Exactly What to do After You Overeat

people reaching over a table of food

Exactly What to do After You Overeat

We have all been there, when “one last bite” turns into finishing the whole meal, or when finishing your dinner, your friend’s dinner, and ordering dessert sounds like a great idea. Overeating is a feeling most of us know. On top of the pants-unbuttoning, too-full feeling, many may also experience guilt and shame.

There is a silver lining, a lot of people overeat and there are a lot of ways to handle it in a healthy way, both immediately after it happens and in the days to come.

Relax, and read these tips from nutrition experts.


Why do we overeat?

Overeating has become commonplace because we are presented with opportunities to overeat every single day. Every day we are bombarded with imagery of eye-catching comfort food, and that delicious, low-cost food is almost always just a car ride or phone call away. Not to mention the portion sizes are much larger in the United States than just about every other country. If you do not feel you overeat your stomach’s capacity, you may be overeating your calorie needs.


So you have overeaten. Here’s what to do.


Don’t: Fast or skip your next meal

After you overeat it may be tempting to fast for a while or to skip your next meal entirely. But our bodies need food to survive, and fasting or skipping a meal could lead to another bout of overeating. When we restrict what we eat, we set ourselves up to overindulge.

Do: Make sure your next meal is healthy

For your next meal, eat normally. Eat when you are hungry and stop when you are full. Recognizing your body’s hunger signals can be difficult at first, but the more you pay attention to and respond to what your body is telling you, the easier it will become. You do not have to force yourself to eat your next meal if you are not hungry yet, but if you are, do not feel like you need to skip that meal. Just make sure it is both healthy and satisfying.


Don’t: Complete a rigorous workout to “make up for it”

Doing an intense workout following a large meal will likely just make you feel worse and more sick to your stomach than you already did.

Do: Take a walk

Lighter exercise, such as a walk, will get the food moving through your digestive tract and being in nature will brighten your mood and lower your stress levels.


Don’t: Try to detox

You do not need to do a juice cleanse to recover from a bout of overeating. Detoxing implies you have exposed your body to toxins, and unless you swallowed poison, your body is able to process what you put in it. Overeating, even if it is throughout an entire day, does not warrant your need to restrict your food intake in the following days, either.

Do: Drink water

Water will help flush out some of the sodium you have consumed, but do not overdo it because it could result in you feeling more full and more uncomfortable. Four to eight ounces after a large meal should help without making you feel too full.


Don’t: Say “screw it”

It is tempting to say “screw it” after overeating and continue eating poorly throughout the rest of the day. We often have this idea that if we do not follow healthy eating perfectly it does not matter, but one bad meal is far better than a cheat meal that turns into a cheat week, or even a cheat month. One bad meal does not have to derail healthy habits.

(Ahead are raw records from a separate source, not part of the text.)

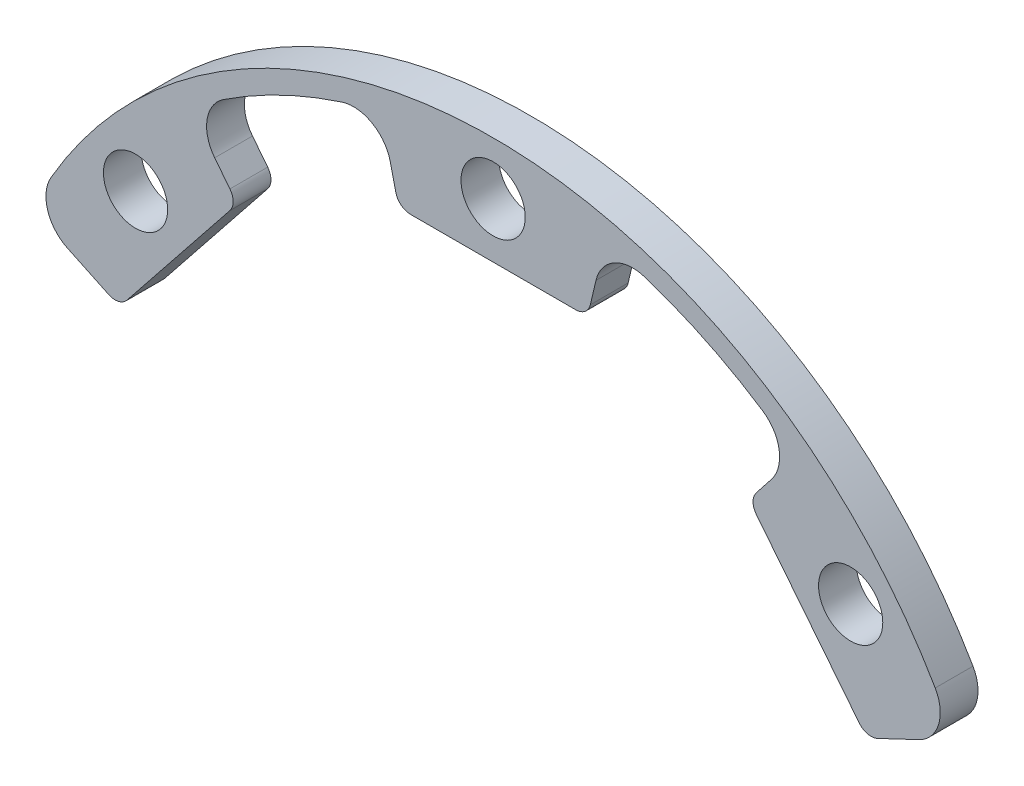
ISO-10303-21;
HEADER;
FILE_DESCRIPTION(('STEP AP214'),'2;1');
FILE_NAME('part.step','',(''),(''),'','','');
FILE_SCHEMA(('AUTOMOTIVE_DESIGN { 1 0 10303 214 1 1 1 1 }'));
ENDSEC;
DATA;
#1=APPLICATION_CONTEXT('core data for automotive mechanical design processes');
#2=APPLICATION_PROTOCOL_DEFINITION('international standard','automotive_design',2000,#1);
#3=PRODUCT_CONTEXT('',#1,'mechanical');
#4=PRODUCT('Part','Part','',(#3));
#5=PRODUCT_RELATED_PRODUCT_CATEGORY('part','',(#4));
#6=PRODUCT_DEFINITION_FORMATION('','',#4);
#7=PRODUCT_DEFINITION_CONTEXT('part definition',#1,'design');
#8=PRODUCT_DEFINITION('design','',#6,#7);
#9=PRODUCT_DEFINITION_SHAPE('','',#8);
#10=(LENGTH_UNIT() NAMED_UNIT(*) SI_UNIT(.MILLI.,.METRE.));
#11=(NAMED_UNIT(*) PLANE_ANGLE_UNIT() SI_UNIT($,.RADIAN.));
#12=(NAMED_UNIT(*) SI_UNIT($,.STERADIAN.) SOLID_ANGLE_UNIT());
#13=UNCERTAINTY_MEASURE_WITH_UNIT(LENGTH_MEASURE(1.E-05),#10,'distance_accuracy_value','');
#14=(GEOMETRIC_REPRESENTATION_CONTEXT(3) GLOBAL_UNCERTAINTY_ASSIGNED_CONTEXT((#13)) GLOBAL_UNIT_ASSIGNED_CONTEXT((#10,
#11,#12)) REPRESENTATION_CONTEXT('',''));
#15=CARTESIAN_POINT('',(0.,0.,0.));
#16=DIRECTION('',(0.,0.,1.));
#17=DIRECTION('',(1.,0.,0.));
#18=AXIS2_PLACEMENT_3D('',#15,#16,#17);
#19=CARTESIAN_POINT('',(0.,0.,5.));
#20=DIRECTION('',(0.,0.,-1.));
#21=DIRECTION('',(-1.,0.,0.));
#22=AXIS2_PLACEMENT_3D('',#19,#20,#21);
#23=CYLINDRICAL_SURFACE('',#22,67.5);
#24=CARTESIAN_POINT('',(0.,0.,5.));
#25=DIRECTION('',(0.,0.,1.));
#26=DIRECTION('',(1.,0.,0.));
#27=AXIS2_PLACEMENT_3D('',#24,#25,#26);
#28=CIRCLE('',#27,67.5);
#29=CARTESIAN_POINT('',(-58.4869884798943,33.6975099755562,5.));
#30=VERTEX_POINT('',#29);
#31=CARTESIAN_POINT('',(58.4869884798943,33.6975099755562,5.));
#32=VERTEX_POINT('',#31);
#33=EDGE_CURVE('E258',#30,#32,#28,.F.);
#34=ORIENTED_EDGE('',*,*,#33,.T.);
#35=DIRECTION('',(0.,0.,-1.));
#36=VECTOR('',#35,1.);
#37=CARTESIAN_POINT('',(58.4869884798943,33.6975099755562,5.));
#38=LINE('',#37,#36);
#39=CARTESIAN_POINT('',(58.4869884798943,33.6975099755562,0.));
#40=VERTEX_POINT('',#39);
#41=EDGE_CURVE('E278',#32,#40,#38,.T.);
#42=ORIENTED_EDGE('',*,*,#41,.T.);
#43=CARTESIAN_POINT('',(0.,0.,0.));
#44=DIRECTION('',(0.,0.,1.));
#45=DIRECTION('',(1.,0.,0.));
#46=AXIS2_PLACEMENT_3D('',#43,#44,#45);
#47=CIRCLE('',#46,67.5);
#48=CARTESIAN_POINT('',(-58.4869884798943,33.6975099755562,0.));
#49=VERTEX_POINT('',#48);
#50=EDGE_CURVE('E384',#49,#40,#47,.F.);
#51=ORIENTED_EDGE('',*,*,#50,.F.);
#52=DIRECTION('',(0.,0.,-1.));
#53=VECTOR('',#52,1.);
#54=CARTESIAN_POINT('',(-58.4869884798943,33.6975099755562,5.));
#55=LINE('',#54,#53);
#56=EDGE_CURVE('E276',#49,#30,#55,.F.);
#57=ORIENTED_EDGE('',*,*,#56,.T.);
#58=EDGE_LOOP('',(#34,#42,#51,#57));
#59=FACE_BOUND('',#58,.T.);
#60=ADVANCED_FACE('F35',(#59),#23,.T.);
#61=CARTESIAN_POINT('',(0.,0.,5.));
#62=DIRECTION('',(-0.428304381921088,-0.903634525915868,0.));
#63=DIRECTION('',(0.903634525915868,-0.428304381921088,0.));
#64=AXIS2_PLACEMENT_3D('',#61,#62,#63);
#65=PLANE('',#64);
#66=DIRECTION('',(-0.903634525915868,0.428304381921088,0.));
#67=VECTOR('',#66,1.);
#68=CARTESIAN_POINT('',(0.,0.,0.));
#69=LINE('',#68,#67);
#70=CARTESIAN_POINT('',(-50.8588287102896,24.1060501466709,0.));
#71=VERTEX_POINT('',#70);
#72=CARTESIAN_POINT('',(-56.2961408724706,26.6832254959356,0.));
#73=VERTEX_POINT('',#72);
#74=EDGE_CURVE('E383',#71,#73,#69,.T.);
#75=ORIENTED_EDGE('',*,*,#74,.F.);
#76=DIRECTION('',(0.,0.,-1.));
#77=VECTOR('',#76,1.);
#78=CARTESIAN_POINT('',(-50.8588287102896,24.1060501466709,5.));
#79=LINE('',#78,#77);
#80=CARTESIAN_POINT('',(-50.8588287102896,24.1060501466709,5.));
#81=VERTEX_POINT('',#80);
#82=EDGE_CURVE('E11',#71,#81,#79,.F.);
#83=ORIENTED_EDGE('',*,*,#82,.T.);
#84=DIRECTION('',(-0.903634525915868,0.428304381921088,0.));
#85=VECTOR('',#84,1.);
#86=CARTESIAN_POINT('',(0.,0.,5.));
#87=LINE('',#86,#85);
#88=CARTESIAN_POINT('',(-56.2961408724706,26.6832254959356,5.));
#89=VERTEX_POINT('',#88);
#90=EDGE_CURVE('E376',#81,#89,#87,.T.);
#91=ORIENTED_EDGE('',*,*,#90,.T.);
#92=DIRECTION('',(0.,0.,-1.));
#93=VECTOR('',#92,1.);
#94=CARTESIAN_POINT('',(-56.2961408724706,26.6832254959356,5.));
#95=LINE('',#94,#93);
#96=EDGE_CURVE('E209',#89,#73,#95,.T.);
#97=ORIENTED_EDGE('',*,*,#96,.T.);
#98=EDGE_LOOP('',(#75,#83,#91,#97));
#99=FACE_BOUND('',#98,.T.);
#100=ADVANCED_FACE('F433',(#99),#65,.T.);
#101=CARTESIAN_POINT('',(-41.6325264414226,33.2008319489776,5.));
#102=DIRECTION('',(-0.78183148246803,0.623489801858734,0.));
#103=DIRECTION('',(-0.623489801858734,-0.78183148246803,0.));
#104=AXIS2_PLACEMENT_3D('',#101,#102,#103);
#105=PLANE('',#104);
#106=DIRECTION('',(0.623489801858734,0.78183148246803,0.));
#107=VECTOR('',#106,1.);
#108=CARTESIAN_POINT('',(-41.6325264414226,33.2008319489776,0.));
#109=LINE('',#108,#107);
#110=CARTESIAN_POINT('',(-48.4385569815114,24.6663395947851,0.));
#111=VERTEX_POINT('',#110);
#112=CARTESIAN_POINT('',(-34.8246984129672,41.737578282289,0.));
#113=VERTEX_POINT('',#112);
#114=EDGE_CURVE('E231',#111,#113,#109,.T.);
#115=ORIENTED_EDGE('',*,*,#114,.T.);
#116=DIRECTION('',(0.,0.,-1.));
#117=VECTOR('',#116,1.);
#118=CARTESIAN_POINT('',(-34.8246984129672,41.737578282289,5.));
#119=LINE('',#118,#117);
#120=CARTESIAN_POINT('',(-34.8246984129672,41.737578282289,5.));
#121=VERTEX_POINT('',#120);
#122=EDGE_CURVE('E43',#113,#121,#119,.F.);
#123=ORIENTED_EDGE('',*,*,#122,.T.);
#124=DIRECTION('',(0.623489801858734,0.78183148246803,0.));
#125=VECTOR('',#124,1.);
#126=CARTESIAN_POINT('',(-41.6325264414226,33.2008319489776,5.));
#127=LINE('',#126,#125);
#128=CARTESIAN_POINT('',(-48.4385569815114,24.6663395947851,5.));
#129=VERTEX_POINT('',#128);
#130=EDGE_CURVE('E364',#129,#121,#127,.T.);
#131=ORIENTED_EDGE('',*,*,#130,.F.);
#132=DIRECTION('',(0.,0.,-1.));
#133=VECTOR('',#132,1.);
#134=CARTESIAN_POINT('',(-48.4385569815114,24.6663395947851,0.));
#135=LINE('',#134,#133);
#136=EDGE_CURVE('E356',#129,#111,#135,.T.);
#137=ORIENTED_EDGE('',*,*,#136,.T.);
#138=EDGE_LOOP('',(#115,#123,#131,#137));
#139=FACE_BOUND('',#138,.T.);
#140=ADVANCED_FACE('F363',(#139),#105,.F.);
#141=CARTESIAN_POINT('',(0.,0.,5.));
#142=DIRECTION('',(-0.785702679283874,-0.618604315993788,0.));
#143=DIRECTION('',(0.618604315993788,-0.785702679283874,0.));
#144=AXIS2_PLACEMENT_3D('',#141,#142,#143);
#145=PLANE('',#144);
#146=DIRECTION('',(-0.618604315993788,0.785702679283874,0.));
#147=VECTOR('',#146,1.);
#148=CARTESIAN_POINT('',(0.,0.,5.));
#149=LINE('',#148,#147);
#150=CARTESIAN_POINT('',(-34.8169560193356,44.2217665179941,5.));
#151=VERTEX_POINT('',#150);
#152=CARTESIAN_POINT('',(-36.8319653918605,46.7810733670444,5.));
#153=VERTEX_POINT('',#152);
#154=EDGE_CURVE('E375',#151,#153,#149,.T.);
#155=ORIENTED_EDGE('',*,*,#154,.F.);
#156=DIRECTION('',(0.,0.,-1.));
#157=VECTOR('',#156,1.);
#158=CARTESIAN_POINT('',(-34.8169560193356,44.2217665179941,5.));
#159=LINE('',#158,#157);
#160=CARTESIAN_POINT('',(-34.8169560193356,44.2217665179941,0.));
#161=VERTEX_POINT('',#160);
#162=EDGE_CURVE('E353',#151,#161,#159,.T.);
#163=ORIENTED_EDGE('',*,*,#162,.T.);
#164=DIRECTION('',(-0.618604315993788,0.785702679283874,0.));
#165=VECTOR('',#164,1.);
#166=CARTESIAN_POINT('',(0.,0.,0.));
#167=LINE('',#166,#165);
#168=CARTESIAN_POINT('',(-36.8319653918605,46.7810733670444,0.));
#169=VERTEX_POINT('',#168);
#170=EDGE_CURVE('E227',#161,#169,#167,.T.);
#171=ORIENTED_EDGE('',*,*,#170,.T.);
#172=DIRECTION('',(0.,0.,1.));
#173=VECTOR('',#172,1.);
#174=CARTESIAN_POINT('',(-36.8319653918605,46.7810733670444,5.));
#175=LINE('',#174,#173);
#176=EDGE_CURVE('E204',#169,#153,#175,.T.);
#177=ORIENTED_EDGE('',*,*,#176,.T.);
#178=EDGE_LOOP('',(#155,#163,#171,#177));
#179=FACE_BOUND('',#178,.T.);
#180=ADVANCED_FACE('F381',(#179),#145,.F.);
#181=CARTESIAN_POINT('',(0.,0.,5.));
#182=DIRECTION('',(0.,0.,-1.));
#183=DIRECTION('',(-1.,0.,0.));
#184=AXIS2_PLACEMENT_3D('',#181,#182,#183);
#185=CYLINDRICAL_SURFACE('',#184,64.75);
#186=CARTESIAN_POINT('',(0.,0.,5.));
#187=DIRECTION('',(0.,0.,1.));
#188=DIRECTION('',(1.,0.,0.));
#189=AXIS2_PLACEMENT_3D('',#186,#187,#188);
#190=CIRCLE('',#189,64.75);
#191=CARTESIAN_POINT('',(-35.6568789406664,54.0476593777257,5.));
#192=VERTEX_POINT('',#191);
#193=CARTESIAN_POINT('',(-20.0244612695975,61.5758349587108,5.));
#194=VERTEX_POINT('',#193);
#195=EDGE_CURVE('E218',#192,#194,#190,.F.);
#196=ORIENTED_EDGE('',*,*,#195,.F.);
#197=DIRECTION('',(0.,0.,-1.));
#198=VECTOR('',#197,1.);
#199=CARTESIAN_POINT('',(-35.6568789406664,54.0476593777257,5.));
#200=LINE('',#199,#198);
#201=CARTESIAN_POINT('',(-35.6568789406664,54.0476593777257,0.));
#202=VERTEX_POINT('',#201);
#203=EDGE_CURVE('E202',#192,#202,#200,.T.);
#204=ORIENTED_EDGE('',*,*,#203,.T.);
#205=CARTESIAN_POINT('',(0.,0.,0.));
#206=DIRECTION('',(0.,0.,1.));
#207=DIRECTION('',(1.,0.,0.));
#208=AXIS2_PLACEMENT_3D('',#205,#206,#207);
#209=CIRCLE('',#208,64.75);
#210=CARTESIAN_POINT('',(-20.0244612695975,61.5758349587108,0.));
#211=VERTEX_POINT('',#210);
#212=EDGE_CURVE('E215',#202,#211,#209,.F.);
#213=ORIENTED_EDGE('',*,*,#212,.T.);
#214=DIRECTION('',(0.,0.,-1.));
#215=VECTOR('',#214,1.);
#216=CARTESIAN_POINT('',(-20.0244612695975,61.5758349587108,5.));
#217=LINE('',#216,#215);
#218=EDGE_CURVE('E219',#211,#194,#217,.F.);
#219=ORIENTED_EDGE('',*,*,#218,.T.);
#220=EDGE_LOOP('',(#196,#204,#213,#219));
#221=FACE_BOUND('',#220,.T.);
#222=ADVANCED_FACE('F214',(#221),#185,.F.);
#223=CARTESIAN_POINT('',(0.,0.,5.));
#224=DIRECTION('',(-0.973521937261123,-0.228593608115689,0.));
#225=DIRECTION('',(0.228593608115689,-0.973521937261123,0.));
#226=AXIS2_PLACEMENT_3D('',#223,#224,#225);
#227=PLANE('',#226);
#228=DIRECTION('',(-0.228593608115689,0.973521937261124,0.));
#229=VECTOR('',#228,1.);
#230=CARTESIAN_POINT('',(0.,0.,0.));
#231=LINE('',#230,#229);
#232=CARTESIAN_POINT('',(-12.8659522642986,54.7928127837686,0.));
#233=VERTEX_POINT('',#232);
#234=CARTESIAN_POINT('',(-13.6105611377631,57.9639122688869,0.));
#235=VERTEX_POINT('',#234);
#236=EDGE_CURVE('E226',#233,#235,#231,.T.);
#237=ORIENTED_EDGE('',*,*,#236,.F.);
#238=DIRECTION('',(0.,0.,-1.));
#239=VECTOR('',#238,1.);
#240=CARTESIAN_POINT('',(-12.8659522642986,54.7928127837686,5.));
#241=LINE('',#240,#239);
#242=CARTESIAN_POINT('',(-12.8659522642986,54.7928127837686,5.));
#243=VERTEX_POINT('',#242);
#244=EDGE_CURVE('E351',#233,#243,#241,.F.);
#245=ORIENTED_EDGE('',*,*,#244,.T.);
#246=DIRECTION('',(-0.228593608115689,0.973521937261124,0.));
#247=VECTOR('',#246,1.);
#248=CARTESIAN_POINT('',(0.,0.,5.));
#249=LINE('',#248,#247);
#250=CARTESIAN_POINT('',(-13.6105611377631,57.9639122688869,5.));
#251=VERTEX_POINT('',#250);
#252=EDGE_CURVE('E410',#243,#251,#249,.T.);
#253=ORIENTED_EDGE('',*,*,#252,.T.);
#254=DIRECTION('',(0.,0.,-1.));
#255=VECTOR('',#254,1.);
#256=CARTESIAN_POINT('',(-13.6105611377631,57.9639122688869,5.));
#257=LINE('',#256,#255);
#258=EDGE_CURVE('E262',#251,#235,#257,.T.);
#259=ORIENTED_EDGE('',*,*,#258,.T.);
#260=EDGE_LOOP('',(#237,#245,#253,#259));
#261=FACE_BOUND('',#260,.T.);
#262=ADVANCED_FACE('F593',(#261),#227,.T.);
#263=CARTESIAN_POINT('',(0.,53.25,5.));
#264=DIRECTION('',(0.,1.,0.));
#265=DIRECTION('',(0.,0.,1.));
#266=AXIS2_PLACEMENT_3D('',#263,#264,#265);
#267=PLANE('',#266);
#268=DIRECTION('',(1.,0.,0.));
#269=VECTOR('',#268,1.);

Do: Be conscious of your next meal

If you overeat early in the day, think about what your dinner will look like. You should strategize the healthy, balanced meal you will eat next. Pairing a lean protein with fiber-rich vegetables is the perfect healthy and satisfying meal that will get you back on track.


How to prevent overeating


Instead of trying to clean up the mess after overeating, it may be easier to prevent the act. While you still may overeat, these tips might reduce the number of times you feel like you can’t leave the couch for a few hours.


Don’t: Categorize foods as “good” or “bad”

Overeating can result in feelings of shame and guilt, which, in turn, can create a poor relationship with food. This could fuel a diet roller coaster, where you are constantly gaining and losing weight. Labeling a food as “bad for you” can cause it to become a restriction. Restrictions will cause you to crave the food more and may give way to overeating.

Do: Remember that there is room for indulgences

Try to shift your mindset from dieting to “all foods fit.” This will make it easier to stop the cycle of overeating and restricting. Instead of labeling certain foods as “bad,” just try to enjoy them fully when you eat them. The temptation decreases significantly when you allow yourself to occasionally indulge when following a healthy diet.


Don’t: Undereat throughout the day

When you undereat during the day you may be extremely hungry by the time dinner rolls around, which can result in overeating during the time of day your metabolism begins to slow down.

Do: Eat throughout the day

Nutritionists recommend eating real, whole meals at each meal. This will keep you full and satisfied for far longer than just a coffee for breakfast. Split up your daily caloric allowance to be nearly even for every meal.


Don’t: Stay silent if you are struggling

Overeating is an incredibly common problem, you do not need to suffer in silence. Confide in your friends and family or reach out to a professional to work through the root causes of your overeating.

Do: Understand your triggers

A dietitian or therapist can help you find your triggers, but you can also try to do your own research by keeping a food journal, meditating and eating mindfully. It is common to turn to food when you are bored, lonely, frustrated, stressed, happy, etc. So, try to work through the emotion without food as your crutch.